[Data excerpts]

----

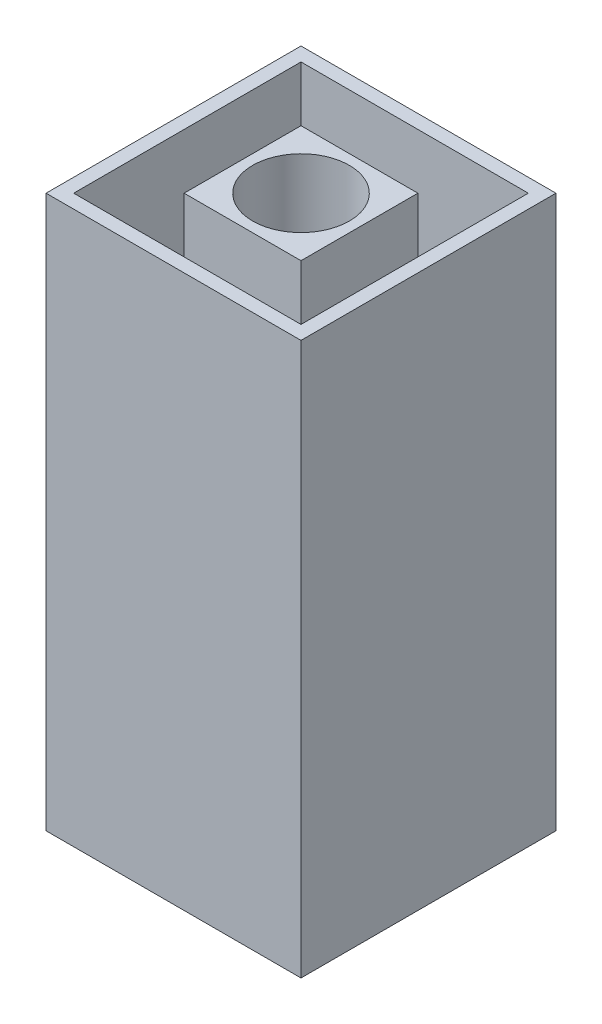
ISO-10303-21;
HEADER;
FILE_DESCRIPTION(('STEP AP214'),'2;1');
FILE_NAME('part.step','',(''),(''),'','','');
FILE_SCHEMA(('AUTOMOTIVE_DESIGN { 1 0 10303 214 1 1 1 1 }'));
ENDSEC;
DATA;
#1=APPLICATION_CONTEXT('core data for automotive mechanical design processes');
#2=APPLICATION_PROTOCOL_DEFINITION('international standard','automotive_design',2000,#1);
#3=PRODUCT_CONTEXT('',#1,'mechanical');
#4=PRODUCT('Part','Part','',(#3));
#5=PRODUCT_RELATED_PRODUCT_CATEGORY('part','',(#4));
#6=PRODUCT_DEFINITION_FORMATION('','',#4);
#7=PRODUCT_DEFINITION_CONTEXT('part definition',#1,'design');
#8=PRODUCT_DEFINITION('design','',#6,#7);
#9=PRODUCT_DEFINITION_SHAPE('','',#8);
#10=(LENGTH_UNIT() NAMED_UNIT(*) SI_UNIT(.MILLI.,.METRE.));
#11=(NAMED_UNIT(*) PLANE_ANGLE_UNIT() SI_UNIT($,.RADIAN.));
#12=(NAMED_UNIT(*) SI_UNIT($,.STERADIAN.) SOLID_ANGLE_UNIT());
#13=UNCERTAINTY_MEASURE_WITH_UNIT(LENGTH_MEASURE(1.E-05),#10,'distance_accuracy_value','');
#14=(GEOMETRIC_REPRESENTATION_CONTEXT(3) GLOBAL_UNCERTAINTY_ASSIGNED_CONTEXT((#13)) GLOBAL_UNIT_ASSIGNED_CONTEXT((#10,
#11,#12)) REPRESENTATION_CONTEXT('',''));
#15=CARTESIAN_POINT('',(0.,0.,0.));
#16=DIRECTION('',(0.,0.,1.));
#17=DIRECTION('',(1.,0.,0.));
#18=AXIS2_PLACEMENT_3D('',#15,#16,#17);
#19=CARTESIAN_POINT('',(1.385,6.,-1.385));
#20=DIRECTION('',(-1.,0.,0.));
#21=DIRECTION('',(0.,0.,1.));
#22=AXIS2_PLACEMENT_3D('',#19,#20,#21);
#23=PLANE('',#22);
#24=DIRECTION('',(0.,0.,-1.));
#25=VECTOR('',#24,1.);
#26=CARTESIAN_POINT('',(1.385,0.,-1.385));
#27=LINE('',#26,#25);
#28=CARTESIAN_POINT('',(1.385,0.,1.385));
#29=VERTEX_POINT('',#28);
#30=CARTESIAN_POINT('',(1.385,0.,-1.385));
#31=VERTEX_POINT('',#30);
#32=EDGE_CURVE('E130',#29,#31,#27,.T.);
#33=ORIENTED_EDGE('',*,*,#32,.T.);
#34=DIRECTION('',(0.,-1.,0.));
#35=VECTOR('',#34,1.);
#36=CARTESIAN_POINT('',(1.385,6.,-1.385));
#37=LINE('',#36,#35);
#38=CARTESIAN_POINT('',(1.385,6.,-1.385));
#39=VERTEX_POINT('',#38);
#40=EDGE_CURVE('E178',#39,#31,#37,.T.);
#41=ORIENTED_EDGE('',*,*,#40,.F.);
#42=DIRECTION('',(0.,0.,-1.));
#43=VECTOR('',#42,1.);
#44=CARTESIAN_POINT('',(1.385,6.,-1.385));
#45=LINE('',#44,#43);
#46=CARTESIAN_POINT('',(1.385,6.,1.385));
#47=VERTEX_POINT('',#46);
#48=EDGE_CURVE('E132',#47,#39,#45,.T.);
#49=ORIENTED_EDGE('',*,*,#48,.F.);
#50=DIRECTION('',(0.,-1.,0.));
#51=VECTOR('',#50,1.);
#52=CARTESIAN_POINT('',(1.385,6.,1.385));
#53=LINE('',#52,#51);
#54=EDGE_CURVE('E118',#47,#29,#53,.T.);
#55=ORIENTED_EDGE('',*,*,#54,.T.);
#56=EDGE_LOOP('',(#33,#41,#49,#55));
#57=FACE_BOUND('',#56,.T.);
#58=ADVANCED_FACE('F42',(#57),#23,.F.);
#59=CARTESIAN_POINT('',(-1.385,6.,-1.385));
#60=DIRECTION('',(0.,0.,1.));
#61=DIRECTION('',(1.,0.,0.));
#62=AXIS2_PLACEMENT_3D('',#59,#60,#61);
#63=PLANE('',#62);
#64=DIRECTION('',(-1.,0.,0.));
#65=VECTOR('',#64,1.);
#66=CARTESIAN_POINT('',(-1.385,0.,-1.385));
#67=LINE('',#66,#65);
#68=CARTESIAN_POINT('',(-1.385,0.,-1.385));
#69=VERTEX_POINT('',#68);
#70=EDGE_CURVE('E133',#31,#69,#67,.T.);
#71=ORIENTED_EDGE('',*,*,#70,.T.);
#72=DIRECTION('',(0.,-1.,0.));
#73=VECTOR('',#72,1.);
#74=CARTESIAN_POINT('',(-1.385,6.,-1.385));
#75=LINE('',#74,#73);
#76=CARTESIAN_POINT('',(-1.385,6.,-1.385));
#77=VERTEX_POINT('',#76);
#78=EDGE_CURVE('E125',#77,#69,#75,.T.);
#79=ORIENTED_EDGE('',*,*,#78,.F.);
#80=DIRECTION('',(-1.,0.,0.));
#81=VECTOR('',#80,1.);
#82=CARTESIAN_POINT('',(-1.385,6.,-1.385));
#83=LINE('',#82,#81);
#84=EDGE_CURVE('E145',#39,#77,#83,.T.);
#85=ORIENTED_EDGE('',*,*,#84,.F.);
#86=ORIENTED_EDGE('',*,*,#40,.T.);
#87=EDGE_LOOP('',(#71,#79,#85,#86));
#88=FACE_BOUND('',#87,.T.);
#89=ADVANCED_FACE('F188',(#88),#63,.F.);
#90=CARTESIAN_POINT('',(-1.385,6.,-1.385));
#91=DIRECTION('',(1.,0.,0.));
#92=DIRECTION('',(0.,0.,-1.));
#93=AXIS2_PLACEMENT_3D('',#90,#91,#92);
#94=PLANE('',#93);
#95=DIRECTION('',(0.,0.,1.));
#96=VECTOR('',#95,1.);
#97=CARTESIAN_POINT('',(-1.385,0.,-1.385));
#98=LINE('',#97,#96);
#99=CARTESIAN_POINT('',(-1.385,0.,1.385));
#100=VERTEX_POINT('',#99);
#101=EDGE_CURVE('E180',#69,#100,#98,.T.);
#102=ORIENTED_EDGE('',*,*,#101,.T.);
#103=DIRECTION('',(0.,-1.,0.));
#104=VECTOR('',#103,1.);
#105=CARTESIAN_POINT('',(-1.385,6.,1.385));
#106=LINE('',#105,#104);
#107=CARTESIAN_POINT('',(-1.385,6.,1.385));
#108=VERTEX_POINT('',#107);
#109=EDGE_CURVE('E121',#108,#100,#106,.T.);
#110=ORIENTED_EDGE('',*,*,#109,.F.);
#111=DIRECTION('',(0.,0.,1.));
#112=VECTOR('',#111,1.);
#113=CARTESIAN_POINT('',(-1.385,6.,-1.385));
#114=LINE('',#113,#112);
#115=EDGE_CURVE('E143',#77,#108,#114,.T.);
#116=ORIENTED_EDGE('',*,*,#115,.F.);
#117=ORIENTED_EDGE('',*,*,#78,.T.);
#118=EDGE_LOOP('',(#102,#110,#116,#117));
#119=FACE_BOUND('',#118,.T.);
#120=ADVANCED_FACE('F184',(#119),#94,.F.);
#121=CARTESIAN_POINT('',(-1.385,6.,1.385));
#122=DIRECTION('',(0.,0.,-1.));
#123=DIRECTION('',(-1.,0.,0.));
#124=AXIS2_PLACEMENT_3D('',#121,#122,#123);
#125=PLANE('',#124);
#126=DIRECTION('',(1.,0.,0.));
#127=VECTOR('',#126,1.);
#128=CARTESIAN_POINT('',(-1.385,0.,1.385));
#129=LINE('',#128,#127);
#130=EDGE_CURVE('E114',#100,#29,#129,.T.);
#131=ORIENTED_EDGE('',*,*,#130,.T.);
#132=ORIENTED_EDGE('',*,*,#54,.F.);
#133=DIRECTION('',(1.,0.,0.));
#134=VECTOR('',#133,1.);
#135=CARTESIAN_POINT('',(-1.385,6.,1.385));
#136=LINE('',#135,#134);
#137=EDGE_CURVE('E140',#108,#47,#136,.T.);
#138=ORIENTED_EDGE('',*,*,#137,.F.);
#139=ORIENTED_EDGE('',*,*,#109,.T.);
#140=EDGE_LOOP('',(#131,#132,#138,#139));
#141=FACE_BOUND('',#140,.T.);
#142=ADVANCED_FACE('F116',(#141),#125,.F.);
#143=CARTESIAN_POINT('',(1.385,6.,1.385));
#144=DIRECTION('',(0.,1.,0.));
#145=DIRECTION('',(0.,0.,1.));
#146=AXIS2_PLACEMENT_3D('',#143,#144,#145);
#147=PLANE('',#146);
#148=DIRECTION('',(0.,0.,1.));
#149=VECTOR('',#148,1.);
#150=CARTESIAN_POINT('',(-1.235,6.,-1.235));
#151=LINE('',#150,#149);
#152=CARTESIAN_POINT('',(-1.235,6.,-1.235));
#153=VERTEX_POINT('',#152);
#154=CARTESIAN_POINT('',(-1.235,6.,1.235));
#155=VERTEX_POINT('',#154);
#156=EDGE_CURVE('E46',#153,#155,#151,.T.);
#157=ORIENTED_EDGE('',*,*,#156,.F.);
#158=DIRECTION('',(-1.,0.,0.));
#159=VECTOR('',#158,1.);
#160=CARTESIAN_POINT('',(-1.235,6.,-1.235));
#161=LINE('',#160,#159);
#162=CARTESIAN_POINT('',(1.235,6.,-1.235));
#163=VERTEX_POINT('',#162);
#164=EDGE_CURVE('E153',#163,#153,#161,.T.);
#165=ORIENTED_EDGE('',*,*,#164,.F.);
#166=DIRECTION('',(0.,0.,-1.));
#167=VECTOR('',#166,1.);
#168=CARTESIAN_POINT('',(1.235,6.,-1.235));
#169=LINE('',#168,#167);
#170=CARTESIAN_POINT('',(1.235,6.,1.235));
#171=VERTEX_POINT('',#170);
#172=EDGE_CURVE('E149',#171,#163,#169,.T.);
#173=ORIENTED_EDGE('',*,*,#172,.F.);
#174=DIRECTION('',(1.,0.,0.));
#175=VECTOR('',#174,1.);
#176=CARTESIAN_POINT('',(-1.235,6.,1.235));
#177=LINE('',#176,#175);
#178=EDGE_CURVE('E12',#155,#171,#177,.T.);
#179=ORIENTED_EDGE('',*,*,#178,.F.);
#180=EDGE_LOOP('',(#157,#165,#173,#179));
#181=FACE_BOUND('',#180,.T.);
#182=ORIENTED_EDGE('',*,*,#48,.T.);
#183=ORIENTED_EDGE('',*,*,#84,.T.);
#184=ORIENTED_EDGE('',*,*,#115,.T.);
#185=ORIENTED_EDGE('',*,*,#137,.T.);
#186=EDGE_LOOP('',(#182,#183,#184,#185));
#187=FACE_BOUND('',#186,.T.);
#188=ADVANCED_FACE('F168',(#181,#187),#147,.T.);
#189=CARTESIAN_POINT('',(1.385,0.,1.385));
#190=DIRECTION('',(0.,1.,0.));
#191=DIRECTION('',(0.,0.,1.));
#192=AXIS2_PLACEMENT_3D('',#189,#190,#191);
#193=PLANE('',#192);
#194=DIRECTION('',(-1.,0.,0.));
#195=VECTOR('',#194,1.);
#196=CARTESIAN_POINT('',(1.385,0.,-1.235));
#197=LINE('',#196,#195);
#198=CARTESIAN_POINT('',(1.235,0.,-1.235));
#199=VERTEX_POINT('',#198);
#200=CARTESIAN_POINT('',(-1.235,0.,-1.235));
#201=VERTEX_POINT('',#200);
#202=EDGE_CURVE('E142',#199,#201,#197,.T.);
#203=ORIENTED_EDGE('',*,*,#202,.T.);
#204=DIRECTION('',(0.,0.,1.));
#205=VECTOR('',#204,1.);
#206=CARTESIAN_POINT('',(-1.235,0.,1.385));
#207=LINE('',#206,#205);
#208=CARTESIAN_POINT('',(-1.235,0.,1.235));
#209=VERTEX_POINT('',#208);
#210=EDGE_CURVE('E83',#201,#209,#207,.T.);
#211=ORIENTED_EDGE('',*,*,#210,.T.);
#212=DIRECTION('',(1.,0.,0.));
#213=VECTOR('',#212,1.);
#214=CARTESIAN_POINT('',(1.385,0.,1.235));
#215=LINE('',#214,#213);
#216=CARTESIAN_POINT('',(1.235,0.,1.235));
#217=VERTEX_POINT('',#216);
#218=EDGE_CURVE('E60',#209,#217,#215,.T.);
#219=ORIENTED_EDGE('',*,*,#218,.T.);
#220=DIRECTION('',(0.,0.,-1.));
#221=VECTOR('',#220,1.);
#222=CARTESIAN_POINT('',(1.235,0.,1.385));
#223=LINE('',#222,#221);
#224=EDGE_CURVE('E157',#217,#199,#223,.T.);
#225=ORIENTED_EDGE('',*,*,#224,.T.);
#226=EDGE_LOOP('',(#203,#211,#219,#225));
#227=FACE_BOUND('',#226,.T.);
#228=ORIENTED_EDGE('',*,*,#32,.F.);
#229=ORIENTED_EDGE('',*,*,#130,.F.);
#230=ORIENTED_EDGE('',*,*,#101,.F.);
#231=ORIENTED_EDGE('',*,*,#70,.F.);
#232=EDGE_LOOP('',(#228,#229,#230,#231));
#233=FACE_BOUND('',#232,.T.);
#234=ADVANCED_FACE('F44',(#227,#233),#193,.F.);
#235=CARTESIAN_POINT('',(-1.235,-4.,-1.235));
#236=DIRECTION('',(-1.,0.,0.));
#237=DIRECTION('',(0.,0.,1.));
#238=AXIS2_PLACEMENT_3D('',#235,#236,#237);
#239=PLANE('',#238);
#240=DIRECTION('',(0.,1.,0.));
#241=VECTOR('',#240,1.);
#242=CARTESIAN_POINT('',(-1.235,-4.,-1.235));
#243=LINE('',#242,#241);
#244=EDGE_CURVE('E155',#201,#153,#243,.T.);
#245=ORIENTED_EDGE('',*,*,#244,.T.);
#246=ORIENTED_EDGE('',*,*,#156,.T.);
#247=DIRECTION('',(0.,1.,0.));
#248=VECTOR('',#247,1.);
#249=CARTESIAN_POINT('',(-1.235,-4.,1.235));
#250=LINE('',#249,#248);
#251=EDGE_CURVE('E52',#209,#155,#250,.T.);
#252=ORIENTED_EDGE('',*,*,#251,.F.);
#253=ORIENTED_EDGE('',*,*,#210,.F.);
#254=EDGE_LOOP('',(#245,#246,#252,#253));
#255=FACE_BOUND('',#254,.T.);
#256=ADVANCED_FACE('F194',(#255),#239,.F.);
#257=CARTESIAN_POINT('',(-1.235,-4.,-1.235));
#258=DIRECTION('',(0.,0.,-1.));
#259=DIRECTION('',(-1.,0.,0.));
#260=AXIS2_PLACEMENT_3D('',#257,#258,#259);
#261=PLANE('',#260);
#262=DIRECTION('',(0.,1.,0.));
#263=VECTOR('',#262,1.);
#264=CARTESIAN_POINT('',(1.235,-4.,-1.235));
#265=LINE('',#264,#263);
#266=EDGE_CURVE('E78',#199,#163,#265,.T.);
#267=ORIENTED_EDGE('',*,*,#266,.T.);
#268=ORIENTED_EDGE('',*,*,#164,.T.);
#269=ORIENTED_EDGE('',*,*,#244,.F.);
#270=ORIENTED_EDGE('',*,*,#202,.F.);
#271=EDGE_LOOP('',(#267,#268,#269,#270));
#272=FACE_BOUND('',#271,.T.);
#273=ADVANCED_FACE('F170',(#272),#261,.F.);
#274=CARTESIAN_POINT('',(1.235,-4.,-1.235));
#275=DIRECTION('',(1.,0.,0.));
#276=DIRECTION('',(0.,0.,-1.));
#277=AXIS2_PLACEMENT_3D('',#274,#275,#276);
#278=PLANE('',#277);
#279=DIRECTION('',(0.,1.,0.));
#280=VECTOR('',#279,1.);
#281=CARTESIAN_POINT('',(1.235,-4.,1.235));
#282=LINE('',#281,#280);
#283=EDGE_CURVE('E150',#217,#171,#282,.T.);
#284=ORIENTED_EDGE('',*,*,#283,.T.);
#285=ORIENTED_EDGE('',*,*,#172,.T.);
#286=ORIENTED_EDGE('',*,*,#266,.F.);
#287=ORIENTED_EDGE('',*,*,#224,.F.);
#288=EDGE_LOOP('',(#284,#285,#286,#287));
#289=FACE_BOUND('',#288,.T.);
#290=ADVANCED_FACE('F162',(#289),#278,.F.);
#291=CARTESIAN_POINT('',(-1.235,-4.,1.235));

----

Exercise objective:
The lines from the one holding "#275=DIRECTION('',(1.,0.,0.));" to the end of the entries are to be repeated exactly, with both ends included and nothing else.

Answer:
#275=DIRECTION('',(1.,0.,0.));
#276=DIRECTION('',(0.,0.,-1.));
#277=AXIS2_PLACEMENT_3D('',#274,#275,#276);
#278=PLANE('',#277);
#279=DIRECTION('',(0.,1.,0.));
#280=VECTOR('',#279,1.);
#281=CARTESIAN_POINT('',(1.235,-4.,1.235));
#282=LINE('',#281,#280);
#283=EDGE_CURVE('E150',#217,#171,#282,.T.);
#284=ORIENTED_EDGE('',*,*,#283,.T.);
#285=ORIENTED_EDGE('',*,*,#172,.T.);
#286=ORIENTED_EDGE('',*,*,#266,.F.);
#287=ORIENTED_EDGE('',*,*,#224,.F.);
#288=EDGE_LOOP('',(#284,#285,#286,#287));
#289=FACE_BOUND('',#288,.T.);
#290=ADVANCED_FACE('F162',(#289),#278,.F.);
#291=CARTESIAN_POINT('',(-1.235,-4.,1.235));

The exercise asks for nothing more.